In Spain, the airline has criticised airport operator Aena over fee increases, arguing that regional airports have become too expensive to operate. In Belgium, a planned increase in aviation taxes has led to the removal of routes from Brussels and Charleroi. Similar concerns have been raised in Germany and France, where higher taxes and regulatory costs have affected route profitability.

The airline has stated that it will instead focus capacity on markets where operating costs are lower and demand remains strong.

Impact on British expats and residents in Spain

The changes are expected to affect British residents and expats in Spain, particularly those living outside major cities. Many of the withdrawn routes involve regional airports, which are commonly used by expat communities for travel to and from the United Kingdom. The closure of routes to airports such as Asturias, Vigo and Valladolid, along with reduced services to Santander and Zaragoza, is likely to limit direct connections. Travellers may need to rely more heavily on larger airports such as Madrid, Barcelona or Málaga, increasing journey times and overall travel costs.

Reduced connectivity to the Canary Islands may also affect British residents living or holidaying there, particularly during peak travel periods when demand is higher and fewer low-cost options are available.

In practical terms, the reduction in routes could lead to fewer flight options, higher fares on remaining services and increased reliance on alternative airlines or indirect routes. This may be particularly significant for those who travel regularly between Spain and the UK for work, family or property-related reasons.

What to do if your flight is cancelled

Passengers affected by cancellations are protected under UK and EU air passenger rights rules. If a Ryanair flight is cancelled, travellers are entitled to a choice between a refund or an alternative flight to their destination. Airlines must offer re-routing at the earliest opportunity or at a later date chosen by the passenger, subject to availability. If the airline cannot provide a suitable alternative, passengers may arrange their own travel and claim back reasonable costs.
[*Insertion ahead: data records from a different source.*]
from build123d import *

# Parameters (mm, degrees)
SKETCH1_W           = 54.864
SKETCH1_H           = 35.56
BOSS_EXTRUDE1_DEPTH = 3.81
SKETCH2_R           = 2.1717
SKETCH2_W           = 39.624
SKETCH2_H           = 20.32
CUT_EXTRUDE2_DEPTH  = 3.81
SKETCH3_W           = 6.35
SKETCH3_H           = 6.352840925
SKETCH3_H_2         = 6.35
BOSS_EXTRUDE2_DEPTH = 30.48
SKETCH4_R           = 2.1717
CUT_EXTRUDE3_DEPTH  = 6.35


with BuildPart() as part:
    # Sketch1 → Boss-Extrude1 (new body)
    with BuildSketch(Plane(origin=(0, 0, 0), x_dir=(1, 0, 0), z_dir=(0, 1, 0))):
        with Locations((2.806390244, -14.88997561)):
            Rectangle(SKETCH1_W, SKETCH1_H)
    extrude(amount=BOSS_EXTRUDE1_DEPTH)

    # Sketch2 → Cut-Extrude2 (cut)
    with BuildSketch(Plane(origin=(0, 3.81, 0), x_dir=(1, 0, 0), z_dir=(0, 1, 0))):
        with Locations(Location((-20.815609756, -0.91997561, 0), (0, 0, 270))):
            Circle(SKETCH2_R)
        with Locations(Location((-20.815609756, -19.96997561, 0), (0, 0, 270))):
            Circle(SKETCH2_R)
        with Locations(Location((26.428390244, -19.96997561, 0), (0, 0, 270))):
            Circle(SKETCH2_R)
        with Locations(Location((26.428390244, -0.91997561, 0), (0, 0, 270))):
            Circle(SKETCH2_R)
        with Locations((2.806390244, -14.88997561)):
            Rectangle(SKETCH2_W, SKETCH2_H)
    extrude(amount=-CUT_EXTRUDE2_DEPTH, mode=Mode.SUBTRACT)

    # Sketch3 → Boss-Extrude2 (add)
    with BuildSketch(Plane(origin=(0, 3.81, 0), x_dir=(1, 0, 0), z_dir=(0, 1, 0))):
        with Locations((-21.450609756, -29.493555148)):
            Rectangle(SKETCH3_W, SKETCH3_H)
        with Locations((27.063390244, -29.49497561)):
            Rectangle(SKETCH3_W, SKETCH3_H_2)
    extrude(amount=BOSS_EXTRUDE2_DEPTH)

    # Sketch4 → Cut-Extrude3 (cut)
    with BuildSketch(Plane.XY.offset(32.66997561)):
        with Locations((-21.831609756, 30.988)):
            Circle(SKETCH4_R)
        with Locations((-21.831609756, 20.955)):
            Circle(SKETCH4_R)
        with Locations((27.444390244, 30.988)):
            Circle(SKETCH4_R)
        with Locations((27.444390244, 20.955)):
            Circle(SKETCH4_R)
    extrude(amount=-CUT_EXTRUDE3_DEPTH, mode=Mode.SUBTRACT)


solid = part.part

In cases where the cancellation is within the airline’s control, compensation may also be payable depending on the distance of the flight and the notice given. This is separate from the right to a refund or replacement journey. Passengers are also entitled to care while waiting for a replacement flight. This includes meals, refreshments and, if necessary, accommodation and transport between the airport and hotel.

It is advisable to keep all receipts and written communication, as these may be required when submitting a claim. Claims can be made directly through the airline, although processing times may vary depending on demand.

Wider implications for travel

The scale of the reductions suggests a broader shift in how low-cost airlines allocate capacity across Europe. By withdrawing from routes where costs are higher, Ryanair is concentrating operations in markets it considers more sustainable.

For passengers, this means that access to low-cost travel may become more limited in certain regions, particularly at smaller airports. While alternative airlines may replace some routes, there is no guarantee that they will offer the same frequency or pricing structure.

The 2026 schedule changes highlight how aviation policy and airport pricing can directly influence route availability, with consequences for tourism, regional connectivity and everyday travel across Europe.